# Falla en minicomponente Sony hcdrg290



## victor6298 (May 14, 2015)

amigos tengo un minicomponente marca sony modelo HCDRG290 el punto es que de pronto me encuentro conque el equipo enciende bien y todo pero cuando selecciono alguna funcion se apaga, es decir una vez encendido selecciono por decir el cd, y se apaga asi con todas las funciones, alguien puede decir algo o comentar algo


----------



## DOSMETROS (May 14, 2015)

Desde el control remoto o desde la botonera ?


----------



## victor6298 (May 14, 2015)

DOSMETROS dijo:


> Desde el control remoto o desde la botonera ?


desde el equipo o botonera


----------



## DOSMETROS (May 14, 2015)

Tenes que cambiarle los Push Buttons , es  clásico


----------



## Gudino Roberto duberlin (May 14, 2015)

Hola, una vez encendido el equipo, si no oprimes ningún botón de función, que ocurre?


----------



## victor6298 (May 14, 2015)

Gudino Roberto duberlin dijo:


> Hola, una vez encendido el equipo, si no oprimes ningún botón de función, que ocurre?

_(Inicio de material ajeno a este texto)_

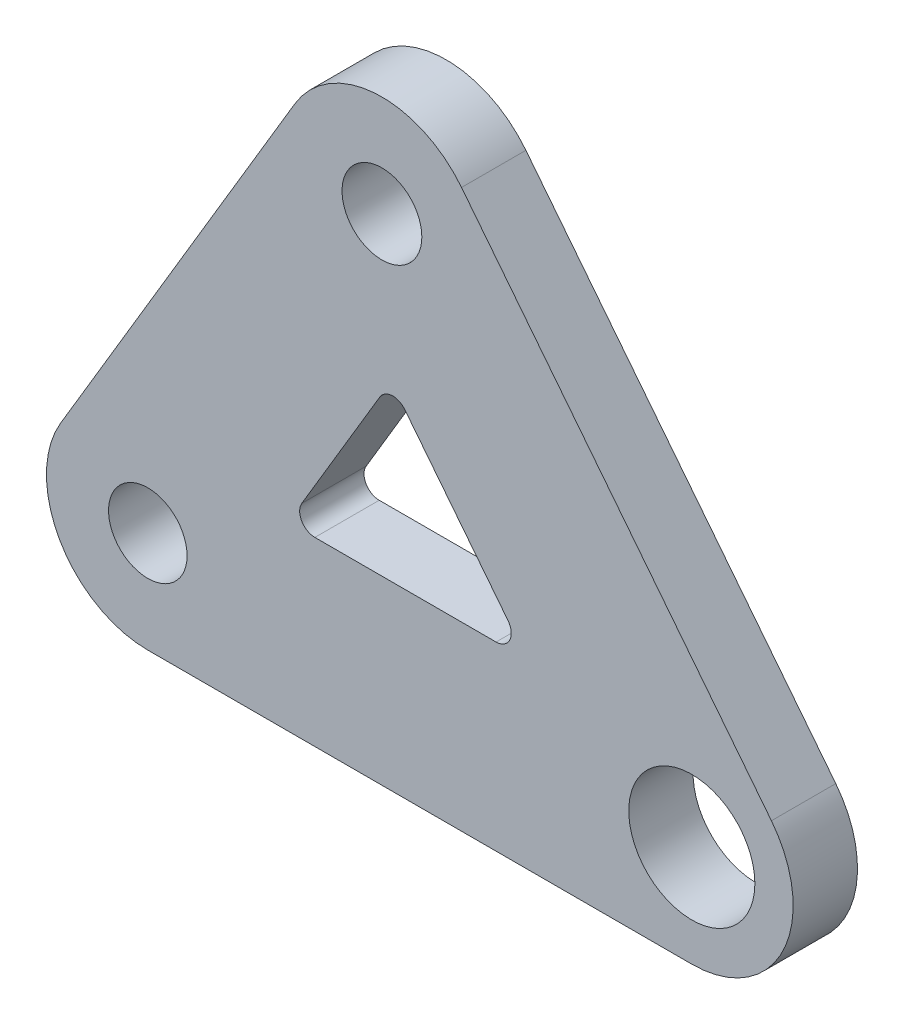
SolidWorks part; units mm, degrees
material "Balsa"
ref_plane "Front Plane" through (0, 0, 0) normal (0, 0, 1) x (1, 0, 0)
ref_plane "Top Plane" through (0, 0, 0) normal (0, 1, 0) x (1, 0, 0)
ref_plane "Right Plane" through (0, 0, 0) normal (1, 0, 0) x (0, 0, -1)
sketch "Sketch1" plane through (0, 0, 0) normal (0, 0, 1) x (1, 0, 0)
  line L0 (0, 0) -> (-23.1039, -38.8306) construction
  line L1 (-23.1039, -38.8306) -> (30.5799, -38.8306) construction
  line L2 (30.5799, -38.8306) -> (0, 0) construction
  line L6 (0.9059, -13.8786) -> (-9.2548, -30.9556)
  line L7 (-9.2548, -30.9556) -> (14.3543, -30.9556)
  line L8 (14.3543, -30.9556) -> (0.9059, -13.8786)
  line L9 (-31.6978, -33.7173) -> (-8.5939, 5.1133)
  line L10 (7.8563, 6.187) -> (38.4362, -32.6436)
  line L11 (-23.1039, -48.8306) -> (30.5799, -48.8306)
  circle A0 centre (0, 0) radius 3.9375
  circle A1 centre (-23.1039, -38.8306) radius 3.875
  circle A2 centre (30.5799, -38.8306) radius 6.223
  circle A6 centre (0, 0) radius 10
  circle A7 centre (30.5799, -38.8306) radius 10
  circle A8 centre (-23.1039, -38.8306) radius 10
  dimension "D2" = 7.75
  dimension "D3" = 12.446
  dimension "D6" = 53.6839
  dimension "D9" = 10
  dimension "D10" = 10
  dimension "D11" = 10
  dimension "D12" = 7.875
  dimension "D4" = 20
  dimension "D7" = 45.1841
  dimension "D8" = 49.4261
  dimension "D5" = 7.875
extrude "Boss-Extrude1" add sketch "Sketch1" along normal blind 6.35 contours A8 L11 A7 L10 A6 L9 L8 L7 L6 | A8 A1 | A6 A0 | A7 A2 region at (-19.3798, -14.7578, 0) region at (-20.5274, -29.4612, 0) region at (-0.6329, 9.6965, 0) region at (21.838, -34.5877, 0)
fillet "Fillet1" radius 1.5 3 edges at (14.3543, -30.9556, 3.175) (0.9059, -13.8786, 3.175) (-9.2548, -30.9556, 3.175)

nada queda encendido, exactamente lo que pasa es esto: yo prendo el equipo y toido bien fino , en cuanto selecciono el radio apenas apenas se escucha el audio se apaga todo, unos 30 segundos despues lo prendo y todo bien pero selecciono en vez del radioel reproductor de cd,entonces hace el escaneo del disco y apenas empieza a sonar se apaga , y el mismo cuento unos 30 seg. despues lo enciendo y todo bien  hasta que haga una seleccion de cualquier funcion


----------



## leo sanzeh (May 16, 2015)

Hay algún mensaje en la pantalla antes de apagarse ??
Pasa lo mismo sin bocinas o con audifonos conectados ??


----------



## victor6298 (May 17, 2015)

leo sanzeh dijo:


> Hay algún mensaje en la pantalla antes de apagarse ??
> Pasa lo mismo sin bocinas o con audifonos conectados ??


tal cual lo escribi antes


----------



## Bleny (May 17, 2015)

Después de apagarse se queda parpadeando el led de standby, y no te deja encender,puede que tengas el amplificador stk dañado y se proteja, 

tendrías de hacerle una revisión visual para ver si encuentras algo fuera de lo normal, si no sabes de electrónica mejor mandarlo a un técnico para no dañarlo mas


----------



## victor6298 (May 18, 2015)

Bleny dijo:


> Después de apagarse se queda parpadeando el led de standby, y no te deja encender,puede que tengas el amplificador stk dañado y se proteja,
> 
> tendrías de hacerle una revisión visual para ver si encuentras algo fuera de lo normal, si no sabes de electrónica mejor mandarlo a un técnico para no dañarlo mas


el equipo se apaga comnpleto


----------



## Bleny (May 18, 2015)

Revisa la fuente de alimentación,según mi opinión podría tener algún fallo que al intentar arrancar no tenga fuerzas y se pare,  ya si eso que te ayuden mejor los experto,por que yo me quedo corto de conocimientos para poder ayudarte mas lo siento


----------